▸ About this exercise:
Can you find the lines of the listing that include "三层平面图" and copy every one?

═════ Data for analysis ═════

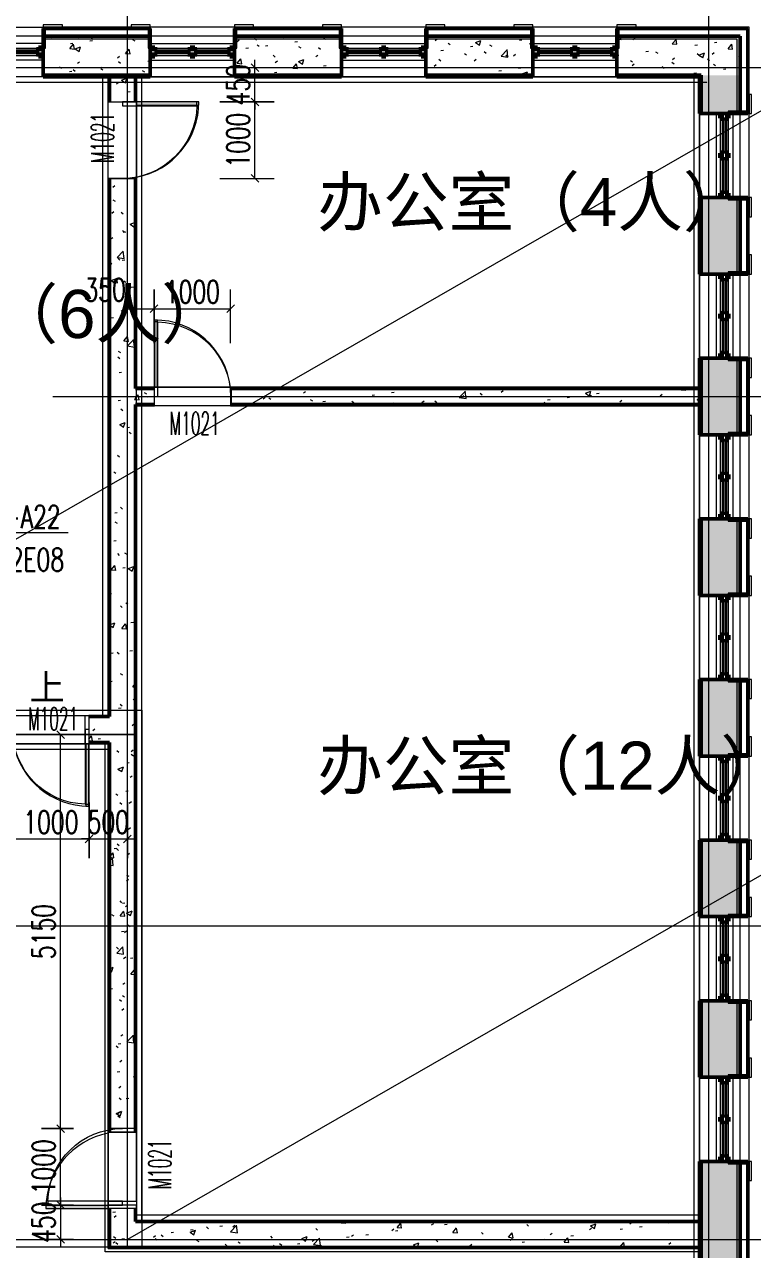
# Model space of a CAD drawing. Header units: millimetres. Extents: x -17321 to 106270, y -22341 to 35329.
# Drawn here: x 79055 to 88572, y 11169 to 27183 of the extents above; entities that cross this region are included whole.
import ezdxf

# ---------------------------------------------------------------- set-up
doc = ezdxf.new("R2010")
doc.units = ezdxf.units.MM
for name, pattern in [('IMPORT-DASHED', [7.5, 5, -2.5]), ('IMPORT-DOTE _2_', [0]), ('IMPORT-线型3', [5000, 3000, -2000]), ('轴网线', [22.24, 12.7, -3.18, 3.18, -3.18])]:
    doc.linetypes.add(name, pattern=pattern)
for name, color, linetype, lineweight in [('A-DETL-GENF', 92, 'Continuous', 9), ('A-DOOR', 31, 'Continuous', 18), ('A-FLOR', 192, 'Continuous', 9), ('A-GENM', 13, 'Continuous', 18), ('A-GLAZ', 151, 'Continuous', 18), ('A-WALL', 113, 'Continuous', 50), ('A-WALL-FNSH', 113, 'Continuous', 50), ('A-WALL-PATT', 111, 'Continuous', 50), ('DIM_LEAD', 3, 'Continuous', 9), ('DOTE', 157, 'IMPORT-DOTE _2_', 9), ('Pkpm_砌筑墙门_虚', 174, 'IMPORT-线型3', 9), ('Pkpm_砖墙', 6, 'Continuous', 9), ('PUB_DIM', 135, 'Continuous', 9), ('PUB_TEXT', 250, 'Continuous', 9), ('S-GRID', 1, 'Continuous', 13), ('SURFACE', 11, 'Continuous', 9), ('WALL', 250, 'Continuous', 9), ('WINDOW', 93, 'Continuous', 9), ('WINDOW_TEXT', 250, 'Continuous', 9), ('烟道', 4, 'Continuous', 9), ('记者站1205_t3_2__3F导出_dwg', 8, 'Continuous', 9)]:
    doc.layers.add(name, color=color, linetype=linetype, lineweight=lineweight)
doc.styles.add('Arial_2', font='arial.ttf', dxfattribs={"height": 629.266735})
doc.styles.add('Simplex', font='simplex_.ttf', dxfattribs={"width": 0.494118, "height": 297.5})
doc.styles.add('Simplex_2', font='simplex_.ttf', dxfattribs={"width": 0.706, "height": 297.5})
doc.styles.add('Simplex_6', font='simplex_.ttf', dxfattribs={"height": 337.588652})
doc.styles.add('Simplex_7', font='simplex_.ttf', dxfattribs={"width": 0.705882, "height": 297.5})
pattern_1 = [(0, (0, 0), (812.8, 203.2), [33.528, -576.072, 33.528, -576.072, -3251.2]), (0, (0, 0), (812.8, 203.2), [-1219.2, 33.528, -1185.672, 33.528, -576.072, -1422.4]), (0, (0, 0), (812.8, 203.2), [-3048, 33.528, -372.872, 33.528, -982.472]), (120, (304.8, 101.6), (-582.37636, 602.30545), [33.528, -576.072, 33.528, -576.072, -3251.2]), (120, (304.8, 101.6), (-582.37636, 602.30545), [-1219.2, 33.528, -1185.672, 33.528, -576.072, -1422.4]), (120, (304.8, 101.6), (-582.37636, 602.30545), [-3048, 33.528, -372.872, 33.528, -982.472]), (240, (406.4, 508), (-230.42364, -805.50545), [33.528, -576.072, 33.528, -576.072, -3251.2]), (240, (406.4, 508), (-230.42364, -805.50545), [-1219.2, 33.528, -1185.672, 33.528, -576.072, -1422.4]), (240, (406.4, 508), (-230.42364, -805.50545), [-3048, 33.528, -372.872, 33.528, -982.472])]
pattern_2 = [(50, (0, 0), (728.7365, -63.756), [76.2, -838.2]), (355, (0, 0), (-140.9716, 764.2276), [60.96, -670.56]), (100.451, (60.7, -5.3), (587.77, 700.467), [64.76, -712.36]), (46.184, (0, 203.2), (1084.316, -168.171), [114.3, -1257.3]), (96.636, (90.4, 189.2), (949.61, 989.71), [97.14, -1068.54]), (351.184, (0, 203.2), (949.62, 989.701), [91.44, -1005.84]), (21, (101.6, 152.4), (606.458, -409.0606), [76.2, -838.2]), (326, (101.6, 152.4), (247.2083, 736.753), [60.96, -670.56]), (71.451, (152.14, 118.3), (853.668, 327.6855), [64.76, -712.36]), (37.5, (0, 0), (12.3547, 338.2201), [33.528, -628.904, 33.528, -647.192, -673.1]), (37.5, (0, 0), (12.3547, 338.2201), [-1343.152, 33.528, -639.572]), (7.5, (0, 0), (267.2789, 400.7221), [33.528, -354.584, 33.528, -613.664, -256.54]), (7.5, (0, 0), (267.2789, 400.7221), [-1035.304, 33.528, -223.012]), (327.5, (-226.57, 0), (542.3633, -22.91534), [33.528, -220.472, 33.528, -758.952, -1051.56]), (327.5, (-226.57, 0), (542.3633, -22.91534), [-1046.48, 33.528, -1018.032]), (317.5, (-328.17, 0), (592.517, 101.707), [33.528, -296.672, 33.528, -492.76, -746.76]), (317.5, (-328.17, 0), (592.517, 101.707), [-856.488, 33.528, -713.232])]

# ---------------------------------------------------------------- blocks, each defined once
blk = doc.blocks.new('单扇木门 - M1021-1247702-建模-三层平面图')
at = {"layer": 'A-DOOR'}
blk.add_hatch(color=256, dxfattribs=at).paths.add_polyline_path([(500, -185), (460, -185), (460, -1000), (500, -1000)], flags=0)
at = {"layer": 'A-DETL-GENF'}
for p, q in [((460, -185), (460, -1000)), ((500, -1000), (500, -185)), ((460, -1000), (500, -1000))]:
    blk.add_line(p, q, dxfattribs=at)
at = {"layer": 'A-DOOR'}
for p, q in [((-500, 185), (500, 185)), ((-500, -185), (-500, 185)), ((-500, 185), (500, 185)), ((500, 185), (500, -185)), ((500, -185), (-500, -185)), ((-500, -185), (500, -185)), ((460, -185), (460, -1000)), ((500, -1000), (500, -185)), ((460, -1000), (500, -1000))]:
    blk.add_line(p, q, dxfattribs=at)
at = {"layer": 'A-DOOR', "lineweight": 9}
blk.add_arc((500, 0), 1000, 190.6845, 270, dxfattribs=at)
blk = doc.blocks.new('C1128 - C1128-1314676-建模-三层平面图')
at = {"layer": 'A-GLAZ', "lineweight": 70}
for p, q in [((-490, 50), (-550, 50)), ((-490, 10), (-490, 50)), ((-460, 25), (-490, 25)), ((-490, 25), (-490, 10)), ((-460, 10), (-460, 25)), ((-30, 25), (-60, 25)), ((-60, 25), (-60, 10)), ((30, 50), (-30, 50)), ((-30, 50), (-30, 10)), ((-30, 10), (-30, 25)), ((30, 10), (30, 50)), ((60, 25), (30, 25)), ((30, 25), (30, 10)), ((60, 10), (60, 25)), ((490, 25), (460, 25)), ((460, 25), (460, 10)), ((550, 50), (490, 50)), ((490, 50), (490, 10)), ((490, 10), (490, 25)), ((-550, -50), (-490, -50)), ((-490, -50), (-490, -10)), ((-490, -10), (-490, -25)), ((-490, -25), (-460, -25)), ((-460, -25), (-460, -10)), ((-60, -10), (-60, -25)), ((-60, -25), (-30, -25)), ((-30, -10), (-30, -50)), ((-30, -25), (-30, -10)), ((-30, -50), (30, -50)), ((30, -50), (30, -10)), ((30, -10), (30, -25)), ((30, -25), (60, -25)), ((60, -25), (60, -10)), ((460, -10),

═════

▸ Exercise response:
blk = doc.blocks.new('单扇木门 - M1021-1247702-建模-三层平面图')
blk = doc.blocks.new('C1128 - C1128-1314676-建模-三层平面图')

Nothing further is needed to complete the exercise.